开车的司机名叫荆春钢,今年三十岁,是兰州某出租车公司驾驶员。当天下午
一时许,荆春钢驾驶汽车来到临洮县沙塄村,再走几百米就是212 国道了。此时,
一辆丰田客货车突然从路边冲出横挡在路中央,车上及路边冲出七八个人,上前对
出租车进行了搜查。很快,有人在车后座下发现了内装九块可疑物品的蓝色提包…
…
在路边设伏的就是临洮县公安局禁毒大队的民警,负责指挥的是队长王世义。
王当即下令将荆春钢和可疑物品带回县公安局审查,县公安局技术室对可疑物品鉴
定后得出结论:共九块重量达3669克的可疑物品中均含有海洛因成分。这意味着一
起特大毒品案件的破获。
在事实和证据面前,荆春钢交代了事情经过——半个月前的一天下午,荆春钢
正在兰州街头跑车时,拉上了一位中年男客。中年人称自己有一笔大买卖,他让荆
春钢考虑一下,运一趟海洛因给他五千元钱。荆春钢挣钱心切,当即答应下来,并
把自己的传呼号码给了中年人,同时他也得知这个中年人姓马。
8 月11日上午,荆春钢接到了中年人的电话,告诉他当天就要行动,双方约定
了见面地点。在前往渡口的路上,荆春钢向中年人抱怨报酬太少,中年人便又爽快
地答应事成之后再给他三万元酬劳……
8 月12日,临洮县公安局将荆春钢刑事拘留,8 月17日,荆被依法逮捕。
2001年年底,临洮县禁毒大队在全区公安系统各项考核中名列前茅,王世义被
地区公安处评为“全区优秀人民警察”,禁毒大队被评为“全区公安系统先进集体”。
同时,定西地委、行署,临洮县委、县政府分别对禁毒大队给予了表彰和奖励。临
洮县公安局因此案共得奖金七万余元,禁毒大队长王世义、主管禁毒的局领导段开
泰各得奖金一千元。
就在段开泰、王世义等人被鲜花、奖牌簇拥着欢庆胜利的时候,荆春钢却因运
送毒品罪,在2001年11月20日被定西地区中级人民法院以运输毒品罪,一审判处死
刑,剥夺政治权利终身。
案件似乎到此便可以画上一个圆满的句号。

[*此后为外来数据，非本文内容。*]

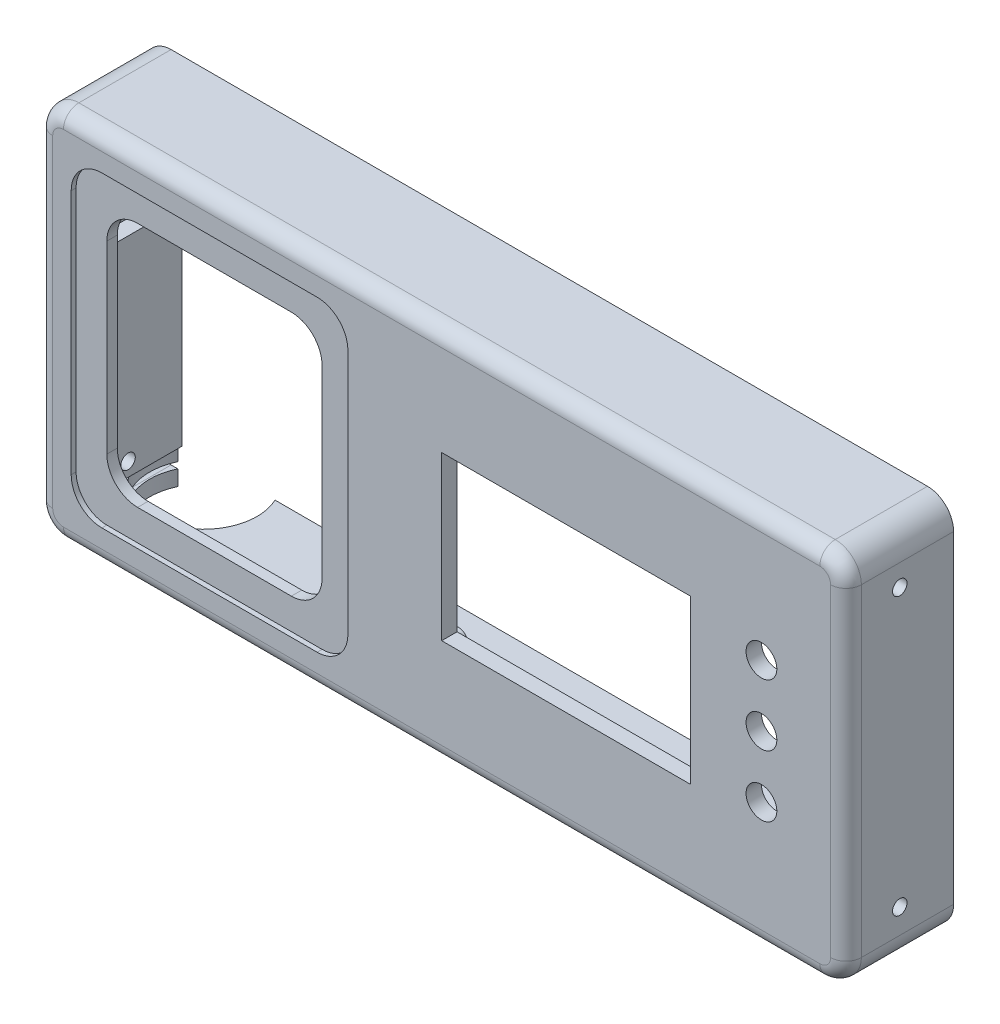
SolidWorks part; units mm, degrees
material "ABS"
ref_plane "Front Plane" through (0, 0, 0) normal (0, 0, 1) x (1, 0, 0)
ref_plane "Top Plane" through (0, 0, 0) normal (0, 1, 0) x (1, 0, 0)
ref_plane "Right Plane" through (0, 0, 0) normal (1, 0, 0) x (0, 0, -1)
sketch "Sketch1" plane through (0, 0, 0) normal (0, 0, 1) x (1, 0, 0)
  line L1 (-124.5, -54) -> (124.5, -54)
  line L2 (-124.5, -54) -> (-124.5, 54)
  line L3 (-124.5, 54) -> (124.5, 54)
  line L4 (124.5, -54) -> (124.5, 54)
  line L5 (-124.5, -54) -> (124.5, 54) construction
  line L6 (-124.5, 54) -> (124.5, -54) construction
  line L7 (119.5, 49) -> (-119.5, 49)
  line L8 (119.5, 49) -> (119.5, -49)
  line L9 (119.5, -49) -> (-119.5, -49)
  line L10 (-119.5, 49) -> (-119.5, -49)
  line L11 (-126.5, -56) -> (126.5, -56)
  line L12 (-126.5, -56) -> (-126.5, 56)
  line L13 (-126.5, 56) -> (126.5, 56)
  line L14 (126.5, -56) -> (126.5, 56)
  line L15 (-126.5, -56) -> (126.5, 56) construction
  line L16 (-126.5, 56) -> (126.5, -56) construction
  line L17 (-131.5, -61) -> (131.5, -61)
  line L18 (-131.5, -61) -> (-131.5, 61)
  line L19 (-131.5, 61) -> (131.5, 61)
  line L20 (131.5, -61) -> (131.5, 61)
  line L21 (-131.5, -61) -> (131.5, 61) construction
  line L22 (-131.5, 61) -> (131.5, -61) construction
  point P0 (0, 0)
  point P10 (0, 0)
  point P15 (0, 0)
  dimension "D1" = 249
  dimension "D2" = 108
  dimension "D3" = 5
  dimension "D4" = 5
  dimension "D5" = 5
  dimension "D6" = 5
  dimension "D7" = 2
  dimension "D8" = 2
  dimension "D9" = 5
  dimension "D10" = 5
extrude "Boss-Extrude1" add sketch "Sketch1" along normal blind 30 contours L17 L20 L19 L18 L14 L11 L12 L13 | L1 L4 L3 L2 L10 L7 L8 L9
sketch "Sketch2" plane through (0, 0, 30) normal (0, 0, 1) x (1, 0, 0)
  line L1 (-131.5, -61) -> (131.5, -61)
  line L2 (-131.5, -61) -> (-131.5, 61)
  line L3 (-131.5, 61) -> (131.5, 61)
  line L4 (131.5, -61) -> (131.5, 61)
  line L5 (-131.5, -61) -> (131.5, 61) construction
  line L6 (-131.5, 61) -> (131.5, -61) construction
  point P0 (0, 0)
extrude "Boss-Extrude2" add sketch "Sketch2" along normal blind 5
fillet "Fillet1" radius 1.5 4 edges at (124.5, -54, 15) (-124.5, -54, 15) (-124.5, 54, 15) (124.5, 54, 15)
sketch "Sketch3" plane through (0, -61, 0) normal (0, -1, 0) x (-1, 0, 0)
  line L1 (131.5, -35) -> (-131.5, -35) construction
  circle A0 centre (105, -7.5) radius 17.5
  circle A1 centre (-105, -7.5) radius 17.5
  dimension "D1" = 105
  dimension "D5" = 35
  dimension "D2" = 105
  dimension "D3" = 27.5
  dimension "D4" = 27.5
extrude "Cut-Extrude1" cut sketch "Sketch3" against normal blind 12
fillet "Fillet2" radius 3.5 4 edges at (126.5, -56, 15) (126.5, 56, 15) (-126.5, 56, 15) (-126.5, -56, 15)
fillet "Fillet3" radius 8.5 4 edges at (-131.5, -61, 17.5) (131.5, -61, 17.5) (131.5, 61, 17.5) (-131.5, 61, 17.5)
fillet "Fillet4" radius 5 8 edges at (129.0104, 58.5104, 35) (131.5, 0, 35) (129.0104, -58.5104, 35) (0, -61, 35) (-129.0104, -58.5104, 35) (-131.5, 0, 35) (-129.0104, 58.5104, 35) (0, 61, 35)
sketch "Sketch4" plane through (131.5, 0, 0) normal (1, 0, 0) x (0, 0, -1)
  line L0 (-35, -61) -> (-35, 61) construction
  line L1 (-35, -61) -> (0, -61) construction
  circle A0 centre (-17.5, -44.5) radius 2.35
  circle A1 centre (-17.5, 45.5) radius 2.35
  dimension "D1" = 17.5
  dimension "D3" = 4.7
  dimension "D4" = 90
  dimension "D2" = 16.5
extrude "Cut-Extrude2" cut sketch "Sketch4" against normal blind 279
sketch "Sketch5" plane through (0, 0, 0) normal (0, 0, -1) x (-1, 0, 0)
  line L0 (123, 54) -> (-123, 54) construction
  line L1 (124.5, 54) -> (104.5, 54)
  line L2 (124.5, 54) -> (124.5, 19)
  line L3 (124.5, 19) -> (104.5, 19)
  line L4 (104.5, 54) -> (104.5, 19)
  line L5 (124.5, -52.5) -> (124.5, 52.5) construction
  line L6 (-124.5, -52.5) -> (-124.5, 52.5) construction
  line L7 (-124.5, 54) -> (-104.5, 54)
  line L8 (-124.5, 54) -> (-124.5, 19)
  line L9 (-124.5, 19) -> (-104.5, 19)
  line L10 (-104.5, 54) -> (-104.5, 19)
  dimension "D1" = 20
  dimension "D2" = 35
  dimension "D3" = 35
  dimension "D4" = 20
extrude "Cut-Extrude3" cut sketch "Sketch5" against normal up to surface (30 mm away) up to face at (0, 0, 30)
sketch "Sketch6" plane through (-126.5, 0, 0) normal (1, 0, 0) x (0, 0, -1)
  line L0 (0, -52.5) -> (0, 52.5) construction
  line L1 (0, 50) -> (-7.5, 50)
  line L2 (0, 50) -> (0, 41)
  line L3 (0, 41) -> (-7.5, 41)
  line L4 (-7.5, 50) -> (-7.5, 41)
  line L6 (0, 35) -> (-22.5, 35)
  line L7 (0, 35) -> (0, 26)
  line L8 (0, 26) -> (-22.5, 26)
  line L9 (-22.5, 35) -> (-22.5, 26)
  circle A1 centre (-17.5, 45.5) radius 2.35 construction
  dimension "D4" = 4.5
  dimension "D5" = 19.5
  dimension "D1" = 7.5
  dimension "D2" = 9
  dimension "D3" = 9
  dimension "D6" = 22.5
extrude "Cut-Extrude4" cut sketch "Sketch6" against normal blind 2.5
sketch "Sketch7" plane through (0, 0, 30) normal (0, 0, 1) x (1, 0, 0)
  line L3 (123, -61) -> (-123, -61) construction
  line L5 (131.5, 52.5) -> (131.5, -52.5) construction
  circle A0 centre (104, 20) radius 5
  circle A1 centre (104, 0) radius 5
  circle A2 centre (104, -20) radius 5
  dimension "D1" = 27.5
  dimension "D4" = 10
  dimension "D2" = 20
  dimension "D3" = 20
  dimension "D5" = 61
extrude "Cut-Extrude8" cut sketch "Sketch7" along normal blind 73.5
sketch "Sketch9" plane through (0, 0, 30) normal (0, 0, -1) x (-1, 0, 0)
  circle A4 centre (-84.5, 32) radius 3
  circle A5 centre (-84.5, -32) radius 3
  circle A6 centre (3.5, -32) radius 3
  circle A7 centre (3.5, 32) radius 3
  circle A8 centre (3.5, 32) radius 1.25
  circle A9 centre (3.5, -32) radius 1.25
  circle A10 centre (-84.5, -32) radius 1.25
  circle A11 centre (-84.5, 32) radius 1.25
  point P25 (0, 0)
  point P26 (0, 0)
  point P27 (0, 0)
  point P28 (0, 0)
  point P29 (0, 0)
  point P30 (0, 0)
  point P31 (0, 0)
  point P32 (92.1791, -35)
  point P33 (93.9221, 35)
  dimension "D1" = 84.5
  dimension "D5" = 6
  dimension "D6" = 2.5
  dimension "D2" = 88
  dimension "D3" = 32
  dimension "D4" = 64
extrude "Boss-Extrude4" add sketch "Sketch9" along normal blind 4
sketch "Sketch10" plane through (0, 0, 30) normal (0, 0, -1) x (-1, 0, 0)
  line L1 (-81, -26.5) -> (0, -26.5)
  line L2 (-81, -26.5) -> (-81, 26.5)
  line L3 (-81, 26.5) -> (0, 26.5)
  line L4 (0, -26.5) -> (0, 26.5)
  line L5 (-81, -26.5) -> (0, 26.5) construction
  line L6 (-81, 26.5) -> (0, -26.5) construction
  point P0 (0, 0)
  dimension "D1" = 81
  dimension "D2" = 53
  dimension "D3" = 0
  dimension "D4" = 26.5
extrude "Cut-Extrude9" cut sketch "Sketch10" against normal blind 13.6
sketch "Sketch11" plane through (0, 0, 35) normal (0, 0, 1) x (1, 0, 0)
  line L0 (-123, -56) -> (123, -56) construction
  line L1 (-120.5, -50) -> (-30.5, -50)
  line L2 (-120.5, -50) -> (-120.5, 50)
  line L3 (-120.5, 50) -> (-30.5, 50)
  line L4 (-30.5, -50) -> (-30.5, 50)
  line L5 (-120.5, -50) -> (-30.5, 50) construction
  line L6 (-120.5, 50) -> (-30.5, -50) construction
  line L10 (-126.5, 52.5) -> (-126.5, -52.5) construction
  point P0 (-75.5, 0)
  dimension "D1" = 90
  dimension "D2" = 100
  dimension "D3" = 56
  dimension "D4" = 6
extrude "Cut-Extrude10" cut sketch "Sketch11" against normal blind 1.6
sketch "Sketch12" plane through (0, 0, 33.4) normal (0, 0, 1) x (1, 0, 0)
  line L0 (-120.5, 50) -> (-120.5, -50) construction
  line L1 (-110.5, 40) -> (-40.5, 40)
  line L2 (-110.5, 40) -> (-110.5, -40)
  line L3 (-110.5, -40) -> (-40.5, -40)
  line L4 (-40.5, 40) -> (-40.5, -40)
  line L5 (-30.5, -50) -> (-30.5, 50) construction
  line L6 (-30.5, 50) -> (-120.5, 50) construction
  line L7 (-120.5, -50) -> (-30.5, -50) construction
  dimension "D1" = 10
  dimension "D2" = 10
  dimension "D3" = 10
  dimension "D4" = 10
extrude "Cut-Extrude11" cut sketch "Sketch12" against normal blind 11.6
fillet "Fillet5" radius 10 8 edges at (-120.5, -50, 34.2) (-30.5, -50, 34.2) (-40.5, -40, 31.7) (-120.5, 50, 34.2) (-110.5, 40, 31.7) (-40.5, 40, 31.7) (-30.5, 50, 34.2) (-110.5, -40, 31.7)

可有谁能料到,此案的背后竟然还
隐藏着一个可怕的秘密……
2001年9 月12日,定西地区检察分院的两位检察官再次讯问荆春钢时,荆春钢
的回答跟他在临洮县公安局缉毒警察面前的回答大同小异。
检察官问:那个姓马的是怎么回事?
荆春钢把他受雇运送毒品的经过又说了一遍。
检察官问:蓝色帆布包是谁的?
荆春钢说:我认为是那个姓马的男人的。因为我在滨河饭店门口等他时擦过车,
擦车时从后排的靠背下拿过擦车的油毯子,那时候还没有那个包。一路上又没有别
人接触过我的车,所以我想是那个姓马的男人的。
检察官问:你刚才的供述称,姓马的男人上车时没有拿那个蓝色的包,山顶上
你停车后也没有人给那男人包,在达板林场门口,那个男人又是一个人打电话,你
没看见任何人和姓马的接触。那你说那个包是谁的?是谁让姓马的人放到你车上的?
荆春钢说:我真的不知道。
定西地区中级人民法院在开庭审理此案时,荆春钢一再喊冤,他向法庭陈述警
察的逼供行为,并称对车上查获的毒品一无所知。法院认为是否存在刑讯逼供卷内
无证据,荆春钢也不能举证,所以辩护意见未被采纳。
一审判决死刑后,荆春钢大呼冤枉,一家人更是当庭抱头痛哭。
年轻律师薛涛让荆春钢看到了一线希望,薛涛是他的二审辩护人。薛涛律师还
记得第一次会见荆春钢时的情景,荆春钢神情沮丧,已经对自己还能活下来不抱什
么希望了。他问薛涛:“我能不能捐赠遗体?我想给我女儿留下一点儿钱……”
在仔细阅卷和多次会见荆春钢后,薛涛向甘肃省高级人民法院递交了书面辩护
意见,提出荆案一审判决认定事实不清,证据严重不足,应依法撤销。薛涛律师认
为:一审判决认定荆春钢运输毒品的犯罪事实与荆本人在公诉机关审查起诉阶段的
供述和开庭审理时的当庭供述截然不同。原审认定荆犯罪事实成立的直接证据只有
一个,即其本人在公安侦查阶段的供述。荆在审查起诉阶段和法院审理阶段的供述
均否认了自己有运输毒品的行为。同样是被告人的供述,在《刑事诉讼法》面前同
样都是证据。更何况指控荆有罪的唯一证据是典型的孤证。原判所认定的证据根本
就不具备唯一性和排他性。根据《刑法》第46条规定:“只有被告人供述,没有其
他证据的,不能认为被告人有罪和处以刑罚。”可见,原判与这一原则相悖。
薛涛律师指出,在租车人马某未被抓获归案的情况下,本案诸多疑点得不到合
理解释,比如说,毒品究竟是怎么放到荆的车上的?毒品到底来源于哪里?如果按
警方所称,早已发现一红色夏利车形迹可疑,并已对该车进行了严密监控且做了周
密部署的话,就应当知道车中除了荆以外,还有租车人马某,并完全可以对马某进
行控制,马某怎么会轻易逃脱呢?
2002年3 月18日,省高院就荆案终审裁定:高院认为,原审判决认定事实不清,
裁定撤销定西中院的一审判决,发回重审。
省高院的裁定,意味着荆案出现了重大转机。从这一天起,荆春钢卸下了已经
戴了一百一十八天的沉重脚镣。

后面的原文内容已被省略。